*** Records shown ***
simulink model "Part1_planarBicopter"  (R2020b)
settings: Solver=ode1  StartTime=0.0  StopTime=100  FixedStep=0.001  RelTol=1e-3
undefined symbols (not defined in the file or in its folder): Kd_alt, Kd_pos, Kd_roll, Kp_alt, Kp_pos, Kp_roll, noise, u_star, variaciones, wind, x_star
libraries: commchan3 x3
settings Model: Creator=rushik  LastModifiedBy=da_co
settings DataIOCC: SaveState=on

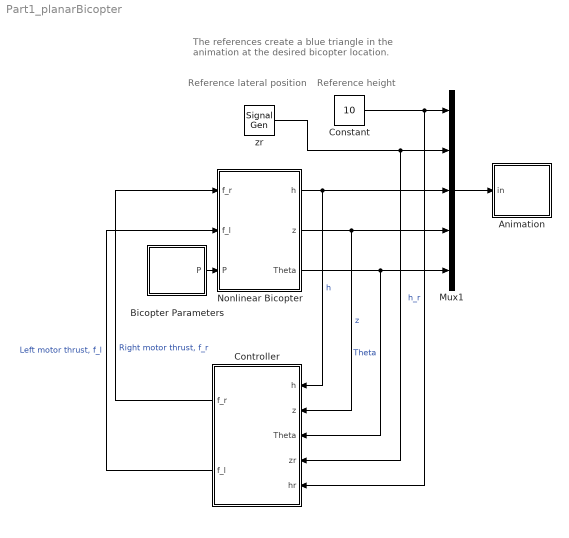
== system Part1_planarBicopter ==
  note: The references create a blue triangle in the
      | animation at the desired bicopter location.
  note: Reference height
  note: Reference lateral position
  Animation : Subsystem  mask(Pendulum plot){}
      mask help: Pendulum plot
      mask Help: Pendulum animation function using Handle graphics.
      mask Display: plot([-2 2],[10 10],[-2.5 -1.5],[10.5 10.5],[1.5 2.5],[10.5 10.5],0,0,0,20)
  Bicopter Parameters : Subsystem  mask{M=1, mRotor=0.25, J=0.0042, d=0.3, mu=0.1, g=9.81, x0=[0;0;0;0;0;0], noVar=noise, vWind=wind, distPercent=variaciones}
      mask prompts: M "Hub Mass"; mRotor "Motor Propeller Mass"; J "Hub Inertia"; d "Arm Length"; mu "Momentum Drag Coefficient"; g "Gravity"; x0 "Initial State"; noVar "Noise Variance"; vWind "Wind Velocity"; distPercent "Parameter Variation Percentage"
      mask TypeOptions M: Constant1/Value
      mask TypeOptions mRotor: Constant2/Value
      mask TypeOptions J: Constant3/Value
      mask TypeOptions d: Constant4/Value
      mask TypeOptions mu: Constant5/Value
      mask TypeOptions g: Constant6/Value
      mask TypeOptions x0: Constant7/Value
      mask TypeOptions noVar: Constant8/Value
      mask TypeOptions vWind: Constant10/Value
      mask TypeOptions distPercent: Constant9/Value
  Constant : Constant  Value=10
  Controller : Subsystem
  Mux1 : Mux  Inputs=5
  Nonlinear Bicopter : Subsystem
  zr : SignalGenerator  WaveForm=square  Amplitude=1.5  Frequency=0.05
  wires:
  Nonlinear Bicopter/1(h) -> Controller/1(h), Mux1/3  "h"
  Nonlinear Bicopter/2(z) -> Mux1/4, Controller/2(z)  "z"
  Nonlinear Bicopter/3(Theta) -> Mux1/5, Controller/3(Theta)  "Theta"
  Mux1/1 -> Animation/1(in)
  Bicopter Parameters/1(P) -> Nonlinear Bicopter/3(P)
  Controller/1(f_r) -> Nonlinear Bicopter/1(f_r)  "Right motor thrust, f_r"
  Controller/2(f_l) -> Nonlinear Bicopter/2(f_l)  "Left motor thrust, f_l"
  Constant/1 -> Controller/5(hr), Mux1/1  "h_r"
  zr/1 -> Controller/4(zr), Mux1/2

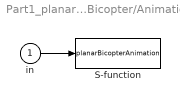
== system Part1_planarBicopter/Animation ==
  in : Inport
  S-function : S-Function  FunctionName=planarBicopterAnimation  SFunctionDeploymentMode=off  EnableBusSupport=off
      settings: DeleteFcn=pendan([],[],[],'DeleteBlock');
  wires:
  in/1 -> S-function/1

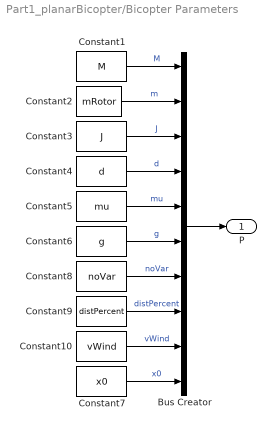
== system Part1_planarBicopter/Bicopter Parameters ==
  Bus Creator : BusCreator  Inputs=10
  Constant1 : Constant  Value=M
  Constant10 : Constant  Value=vWind  VectorParams1D=off
  Constant2 : Constant  Value=mRotor
  Constant3 : Constant  Value=J
  Constant4 : Constant  Value=d
  Constant5 : Constant  Value=mu
  Constant6 : Constant  Value=g
  Constant7 : Constant  Value=x0  VectorParams1D=off
  Constant8 : Constant  Value=noVar  VectorParams1D=off
  Constant9 : Constant  Value=distPercent  VectorParams1D=off
  P : Outport
  wires:
  Bus Creator/1 -> P/1
  Constant7/1 -> Bus Creator/10  "x0"
  Constant5/1 -> Bus Creator/5  "mu"
  Constant3/1 -> Bus Creator/3  "J"
  Constant2/1 -> Bus Creator/2  "m"
  Constant6/1 -> Bus Creator/6  "g"
  Constant4/1 -> Bus Creator/4  "d"
  Constant1/1 -> Bus Creator/1  "M"
  Constant8/1 -> Bus Creator/7  "noVar"
  Constant9/1 -> Bus Creator/8  "distPercent"
  Constant10/1 -> Bus Creator/9  "vWind"

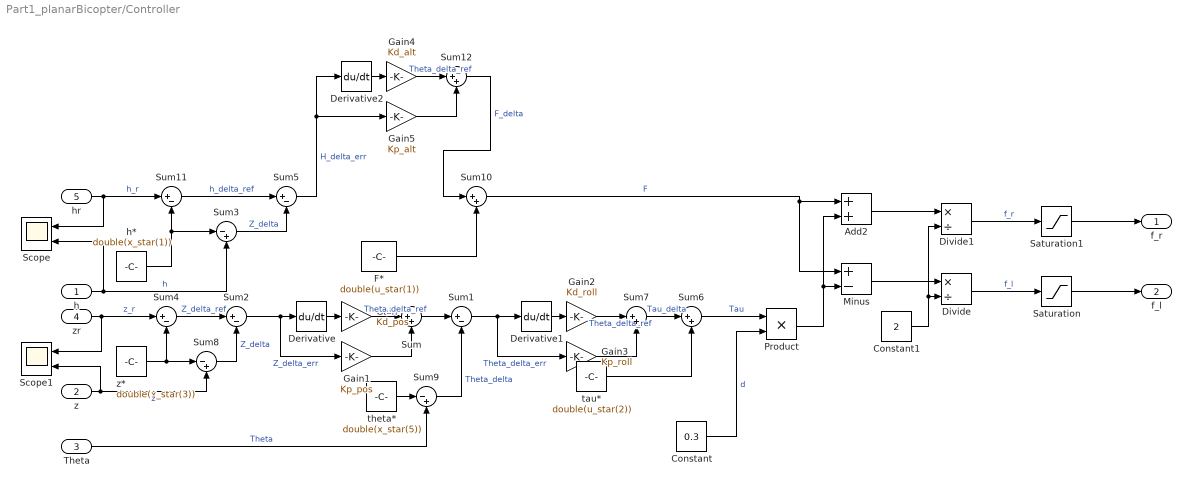
== system Part1_planarBicopter/Controller ==
  h : Inport
  z : Inport  Port=2
  Theta : Inport  Port=3
  zr : Inport  Port=4
  hr : Inport  Port=5
  Add2 : Sum
  Constant : Constant  Value=0.3
  Constant1 : Constant  Value=2
  Derivative : Derivative
  Derivative1 : Derivative
  Derivative2 : Derivative
  Divide : Product  Inputs=*/
  Divide1 : Product  Inputs=*/
  F* : Constant  Value=double(u_star(1))
  Gain : Gain  Gain=Kd_pos
  Gain1 : Gain  Gain=Kp_pos
  Gain2 : Gain  Gain=Kd_roll
  Gain3 : Gain  Gain=Kp_roll
  Gain4 : Gain  Gain=Kd_alt
  Gain5 : Gain  Gain=Kp_alt
  Minus : Sum  Inputs=+-
  Product : Product
  Saturation : Saturate  UpperLimit=10  LowerLimit=0
  Saturation1 : Saturate  UpperLimit=10  LowerLimit=0
  Scope : Scope  NumInputPorts=2
  Scope1 : Scope  NumInputPorts=2
  Sum{,6..7,10,12} (5 alike) : Sum  Inputs=|++
  Sum{1..2,4..5,11} (5 alike) : Sum  Inputs=|+-
  Sum3 : Sum  Inputs=|-+
  Sum8 : Sum  Inputs=|-+
  Sum9 : Sum  Inputs=|-+
  h* : Constant  Value=double(x_star(1))
  tau* : Constant  Value=double(u_star(2))
  theta* : Constant  Value=double(x_star(5))
  z* : Constant  Value=double(x_star(3))
  f_r : Outport
  f_l : Outport  Port=2
  wires:
  z/1 -> Scope1/2, Sum8/2  "z"
  Theta/1 -> Sum9/2  "Theta"
  zr/1 -> Sum4/1, Scope1/1  "z_r"
  Gain/1 -> Sum/1  "Theta_delta_ref"
  h/1 -> Scope/2, Sum3/2  "h"
  Minus/1 -> Divide/1
  Product/1 -> Minus/2, Add2/2
  Constant/1 -> Product/2  "d"
  Constant1/1 -> Divide1/2, Divide/2
  Add2/1 -> Divide1/1
  Sum10/1 -> Add2/1, Minus/1  "F"
  F*/1 -> Sum10/2
  Sum1/1 -> Gain3/1, Derivative1/1  "Theta_delta_err"
  Divide1/1 -> Saturation1/1  "f_r"
  Saturation1/1 -> f_r/1
  Divide/1 -> Saturation/1  "f_l"
  Saturation/1 -> f_l/1
  Sum12/1 -> Sum10/1  "F_delta"
  Sum2/1 -> Gain1/1, Derivative/1  "Z_delta_err"
  hr/1 -> Sum11/1, Scope/1  "h_r"
  Sum4/1 -> Sum2/1  "Z_delta_ref"
  z*/1 -> Sum8/1, Sum4/2
  theta*/1 -> Sum9/1
  Sum7/1 -> Sum6/1  "Tau_delta"
  tau*/1 -> Sum6/2
  Sum6/1 -> Product/1  "Tau"
  Sum8/1 -> Sum2/2  "Z_delta"
  Sum9/1 -> Sum1/2  "Theta_delta"
  Sum11/1 -> Sum5/1  "h_delta_ref"
  h*/1 -> Sum3/1, Sum11/2
  Sum3/1 -> Sum5/2  "Z_delta"
  Sum5/1 -> Gain5/1, Derivative2/1  "H_delta_err"
  Derivative/1 -> Gain/1
  Sum/1 -> Sum1/1
  Gain1/1 -> Sum/2
  Derivative1/1 -> Gain2/1
  Gain2/1 -> Sum7/1  "Theta_delta_ref"
  Gain3/1 -> Sum7/2
  Derivative2/1 -> Gain4/1
  Gain4/1 -> Sum12/1  "Theta_delta_ref"
  Gain5/1 -> Sum12/2

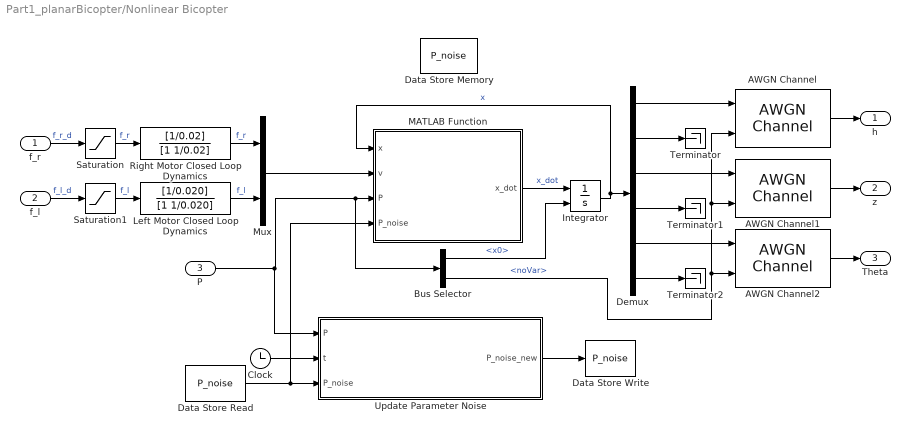
== system Part1_planarBicopter/Nonlinear Bicopter ==
  f_r : Inport
  f_l : Inport  Port=2
  P : Inport  Port=3
  AWGN Channel : commchan3/AWGN Channel  InputProcessing=Columns as channels (frame based)  seed=67  noiseMode=Variance from port  EbNodB=10  EsNodB=10  SNRdB=10  bitsPerSym=1  Ps=1  Tsym=1  variance=1
  AWGN Channel1 : commchan3/AWGN Channel  InputProcessing=Columns as channels (frame based)  seed=67  noiseMode=Variance from port  EbNodB=10  EsNodB=10  SNRdB=10  bitsPerSym=1  Ps=1  Tsym=1  variance=1
  AWGN Channel2 : commchan3/AWGN Channel  InputProcessing=Columns as channels (frame based)  seed=67  noiseMode=Variance from port  EbNodB=10  EsNodB=10  SNRdB=10  bitsPerSym=1  Ps=1  Tsym=1  variance=1
  Bus Selector : BusSelector  OutputSignals=x0,noVar
  Clock : Clock
  Data Store Memory : DataStoreMemory  DataStoreName=P_noise  ReadBeforeWriteMsg=warning  WriteAfterWriteMsg=warning  WriteAfterReadMsg=warning  InitialValue=[0;0;0;0;0;0;0;0]  ShowAdditionalParam=off  OutDataTypeStr=double
  Data Store Read : DataStoreRead  DataStoreName=P_noise
  Data Store Write : DataStoreWrite  DataStoreName=P_noise
  Demux : Demux  Outputs=6
  Integrator : Integrator  InitialConditionSource=external
  Left Motor Closed Loop Dynamics : TransferFcn  Numerator=[1/0.020]  Denominator=[1 1/0.020]
  MATLAB Function : MATLAB Function  TreatAsAtomicUnit=on
  Mux : Mux  Inputs=2
  Right Motor Closed Loop Dynamics : TransferFcn  Numerator=[1/0.02]  Denominator=[1 1/0.02]
  Saturation : Saturate  UpperLimit=[10]  LowerLimit=[0]  ZeroCross=off
  Saturation1 : Saturate  UpperLimit=[10]  LowerLimit=[0]  ZeroCross=off
  Terminator : Terminator
  Terminator1 : Terminator
  Terminator2 : Terminator
  Update Parameter Noise : MATLAB Function  TreatAsAtomicUnit=on
  h : Outport
  z : Outport  Port=2
  Theta : Outport  Port=3
  wires:
  MATLAB Function/1(x_dot) -> Integrator/1  "x_dot"
  f_r/1 -> Saturation/1  "f_r_d"
  Bus Selector/1 -> Integrator/2  "<x0>"
  P/1 -> Update Parameter Noise/1(P), Bus Selector/1, MATLAB Function/3(P)
  f_l/1 -> Saturation1/1  "f_l_d"
  Demux/6 -> Terminator2/1
  Demux/2 -> Terminator/1
  Demux/4 -> Terminator1/1
  Integrator/1 -> MATLAB Function/1(x), Demux/1  "x"
  Bus Selector/2 -> AWGN Channel2/2, AWGN Channel1/2, AWGN Channel/2  "<noVar>"
  Demux/1 -> AWGN Channel/1
  Demux/3 -> AWGN Channel1/1
  Demux/5 -> AWGN Channel2/1
  AWGN Channel/1 -> h/1
  AWGN Channel1/1 -> z/1
  AWGN Channel2/1 -> Theta/1
  Update Parameter Noise/1(P_noise_new) -> Data Store Write/1
  Clock/1 -> Update Parameter Noise/2(t)
  Data Store Read/1 -> MATLAB Function/4(P_noise), Update Parameter Noise/3(P_noise)
  Mux/1 -> MATLAB Function/2(v)
  Saturation1/1 -> Left Motor Closed Loop Dynamics/1  "f_l"
  Saturation/1 -> Right Motor Closed Loop Dynamics/1  "f_r"
  Right Motor Closed Loop Dynamics/1 -> Mux/1  "f_r"
  Left Motor Closed Loop Dynamics/1 -> Mux/2  "f_l"

== matlab function Part1_planarBicopter/Nonlinear Bicopter/MATLAB Function ==
  settings: updateMethod=DISCRETE
  data: x input; v input; x_dot output; P input; P_noise input
function x_dot = VTOLNonlinearDynamics(x,v,P, P_noise)

M = P(1) + P_noise(1);
m = P(2) + P_noise(2);
J = P(3) + P_noise(3);
d = P(4) + P_noise(4);
mu = P(5)+ P_noise(5);
g = P(6) + P_noise(6);
c_d = 1;
v_wind = P(9) + P_noise(7);
theta_wind = P_noise(8);

F_drag_wind_vert = c_d*v_wind*sin(theta_wind);
F_drag_wind_horiz = c_d*v_wind*cos(theta_wind);

thrustToTorque = [1   1;
                  d  -d];

u = thrustToTorque*v;

h = x(1);
hD = x(2);
z = x(3);
zD = x(4);
T = x(5);
TD = x(6);

F = u(1);
tau = u(2);

x_dot = [hD;
         -g + (1/(M + 2*m)) * (cos(T) * F + F_drag_wind_vert);
         zD;
         (1/(M + 2*m)) * (-mu * zD - sin(T) * F + F_drag_wind_horiz);
         TD;
         (1/(2 * m * d^2 + J)) * tau];
     
end

== matlab function Part1_planarBicopter/Nonlinear Bicopter/Update Parameter Noise ==
  settings: updateMethod=DISCRETE
  data: P input; t input; P_noise_new output; P_noise input
function P_noise_new  = updateParameterNoise(P,t,P_noise)
if t<=0.001
    M = P(1) ;
    m = P(2) ;
    J = P(3) ;
    d = P(4) ;
    mu = P(5);
    g = P(6) ;
    distPercent = P(8);
    MNoise = (distPercent*M/100)*rand - distPercent*M/200;
    mNoise = (distPercent*m/100)*rand - distPercent*m/200;
    JNoise = (distPercent*J/100)*rand - distPercent*J/200;
    dNoise = (distPercent*d/100)*rand - distPercent*d/200;
    muNoise = (distPercent*mu/100)*rand - distPercent*mu/200;
    gNoise = (distPercent*g/100)*rand - distPercent*g/200;
    
    P_noise_new = ...
    [MNoise ;
     mNoise ;
     JNoise ;
     dNoise ;
    muNoise ;
     gNoise;
     P_noise(7);
     P_noise(8)];
elseif mod(round(t/0.002),1000)==0 %0.002 is the sample time
    vWind = P(9);
    vWindNoise = 20*vWind/100*rand - 20*vWind/200;
    thetaWindNoise = (0.5)*rand - 0.25;
    P_noise_new = ...
    [P_noise(1:6,1);
     vWindNoise;
     thetaWindNoise];
else
    P_noise_new = P_noise;
end
***
Each line above that holds the string "Denominator" should be copied and shown.

Response area:
  Left Motor Closed Loop Dynamics : TransferFcn  Numerator=[1/0.020]  Denominator=[1 1/0.020]
  Right Motor Closed Loop Dynamics : TransferFcn  Numerator=[1/0.02]  Denominator=[1 1/0.02]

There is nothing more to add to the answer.